Segment Start: Records for this exercise

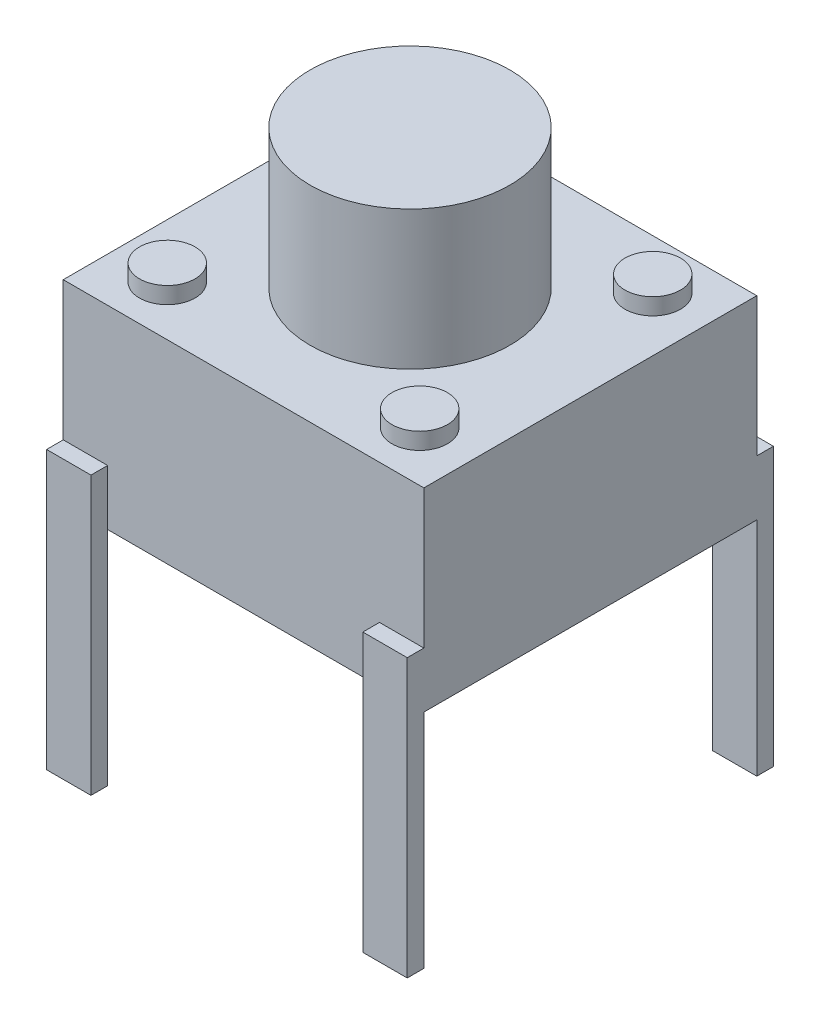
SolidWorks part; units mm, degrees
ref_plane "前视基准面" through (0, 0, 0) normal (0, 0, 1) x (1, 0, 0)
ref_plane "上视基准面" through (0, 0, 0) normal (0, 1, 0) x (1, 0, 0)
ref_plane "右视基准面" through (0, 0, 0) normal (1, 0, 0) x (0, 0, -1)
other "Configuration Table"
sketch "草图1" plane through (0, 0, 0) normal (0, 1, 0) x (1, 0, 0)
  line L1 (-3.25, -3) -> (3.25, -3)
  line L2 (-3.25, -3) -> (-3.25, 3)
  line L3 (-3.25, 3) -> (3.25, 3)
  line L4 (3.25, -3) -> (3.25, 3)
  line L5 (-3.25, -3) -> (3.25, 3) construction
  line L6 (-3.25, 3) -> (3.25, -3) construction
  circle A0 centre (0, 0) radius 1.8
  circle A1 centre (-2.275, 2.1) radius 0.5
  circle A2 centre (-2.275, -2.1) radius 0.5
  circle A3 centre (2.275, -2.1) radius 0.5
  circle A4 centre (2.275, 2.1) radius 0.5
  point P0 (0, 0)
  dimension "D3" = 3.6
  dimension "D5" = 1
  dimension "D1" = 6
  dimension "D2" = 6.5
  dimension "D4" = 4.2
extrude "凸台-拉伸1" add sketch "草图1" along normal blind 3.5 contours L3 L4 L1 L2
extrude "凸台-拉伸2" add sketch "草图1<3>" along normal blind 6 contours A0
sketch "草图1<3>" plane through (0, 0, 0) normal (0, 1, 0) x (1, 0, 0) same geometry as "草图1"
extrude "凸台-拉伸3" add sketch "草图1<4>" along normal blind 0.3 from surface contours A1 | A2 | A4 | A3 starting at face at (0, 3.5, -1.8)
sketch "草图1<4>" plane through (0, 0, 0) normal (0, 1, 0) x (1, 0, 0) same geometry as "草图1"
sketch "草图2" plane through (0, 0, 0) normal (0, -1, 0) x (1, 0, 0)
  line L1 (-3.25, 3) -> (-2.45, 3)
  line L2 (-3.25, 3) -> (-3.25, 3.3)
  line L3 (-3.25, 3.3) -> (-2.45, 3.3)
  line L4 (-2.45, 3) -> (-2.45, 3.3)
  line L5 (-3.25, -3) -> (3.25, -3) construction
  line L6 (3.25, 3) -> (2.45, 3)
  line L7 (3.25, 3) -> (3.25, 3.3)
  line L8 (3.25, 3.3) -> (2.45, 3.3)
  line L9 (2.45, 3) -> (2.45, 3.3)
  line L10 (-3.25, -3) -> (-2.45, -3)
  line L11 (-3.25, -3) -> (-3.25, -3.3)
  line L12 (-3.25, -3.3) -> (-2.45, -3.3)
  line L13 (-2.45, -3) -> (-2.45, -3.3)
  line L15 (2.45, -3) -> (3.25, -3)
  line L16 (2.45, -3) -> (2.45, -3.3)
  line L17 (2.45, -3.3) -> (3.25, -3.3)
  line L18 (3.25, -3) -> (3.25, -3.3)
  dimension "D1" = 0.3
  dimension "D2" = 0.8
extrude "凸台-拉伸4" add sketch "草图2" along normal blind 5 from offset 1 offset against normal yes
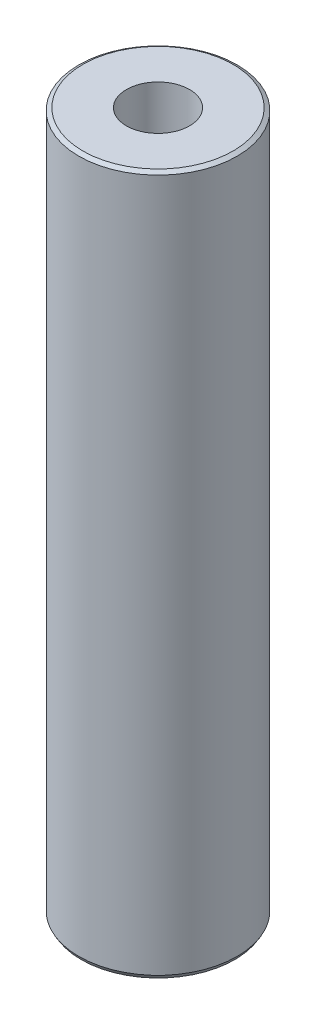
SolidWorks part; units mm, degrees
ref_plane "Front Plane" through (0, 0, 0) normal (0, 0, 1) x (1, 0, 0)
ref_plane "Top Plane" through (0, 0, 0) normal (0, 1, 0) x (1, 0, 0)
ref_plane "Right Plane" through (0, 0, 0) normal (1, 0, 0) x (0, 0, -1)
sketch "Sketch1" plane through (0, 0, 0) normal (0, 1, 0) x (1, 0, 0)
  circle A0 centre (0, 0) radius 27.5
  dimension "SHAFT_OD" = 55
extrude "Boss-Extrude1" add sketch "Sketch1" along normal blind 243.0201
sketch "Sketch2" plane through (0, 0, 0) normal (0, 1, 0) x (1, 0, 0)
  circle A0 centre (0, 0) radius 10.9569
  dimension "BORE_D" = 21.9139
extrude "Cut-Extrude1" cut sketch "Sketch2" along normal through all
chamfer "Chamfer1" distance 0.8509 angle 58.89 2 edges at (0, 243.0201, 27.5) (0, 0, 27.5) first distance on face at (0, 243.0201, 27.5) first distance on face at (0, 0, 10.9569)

Segment End: Records for this exercise

* [About this task]
Exactly restate the lines from the one holding "line L18 (3.25, -3) -> (3.25, -3.3)" to the final line of the records above, including both and excluding pictures.

* [Response to the exercise]
  line L18 (3.25, -3) -> (3.25, -3.3)
  dimension "D1" = 0.3
  dimension "D2" = 0.8
extrude "凸台-拉伸4" add sketch "草图2" along normal blind 5 from offset 1 offset against normal yes
SolidWorks part; units mm, degrees
ref_plane "Front Plane" through (0, 0, 0) normal (0, 0, 1) x (1, 0, 0)
ref_plane "Top Plane" through (0, 0, 0) normal (0, 1, 0) x (1, 0, 0)
ref_plane "Right Plane" through (0, 0, 0) normal (1, 0, 0) x (0, 0, -1)
sketch "Sketch1" plane through (0, 0, 0) normal (0, 1, 0) x (1, 0, 0)
  circle A0 centre (0, 0) radius 27.5
  dimension "SHAFT_OD" = 55
extrude "Boss-Extrude1" add sketch "Sketch1" along normal blind 243.0201
sketch "Sketch2" plane through (0, 0, 0) normal (0, 1, 0) x (1, 0, 0)
  circle A0 centre (0, 0) radius 10.9569
  dimension "BORE_D" = 21.9139
extrude "Cut-Extrude1" cut sketch "Sketch2" along normal through all
chamfer "Chamfer1" distance 0.8509 angle 58.89 2 edges at (0, 243.0201, 27.5) (0, 0, 27.5) first distance on face at (0, 243.0201, 27.5) first distance on face at (0, 0, 10.9569)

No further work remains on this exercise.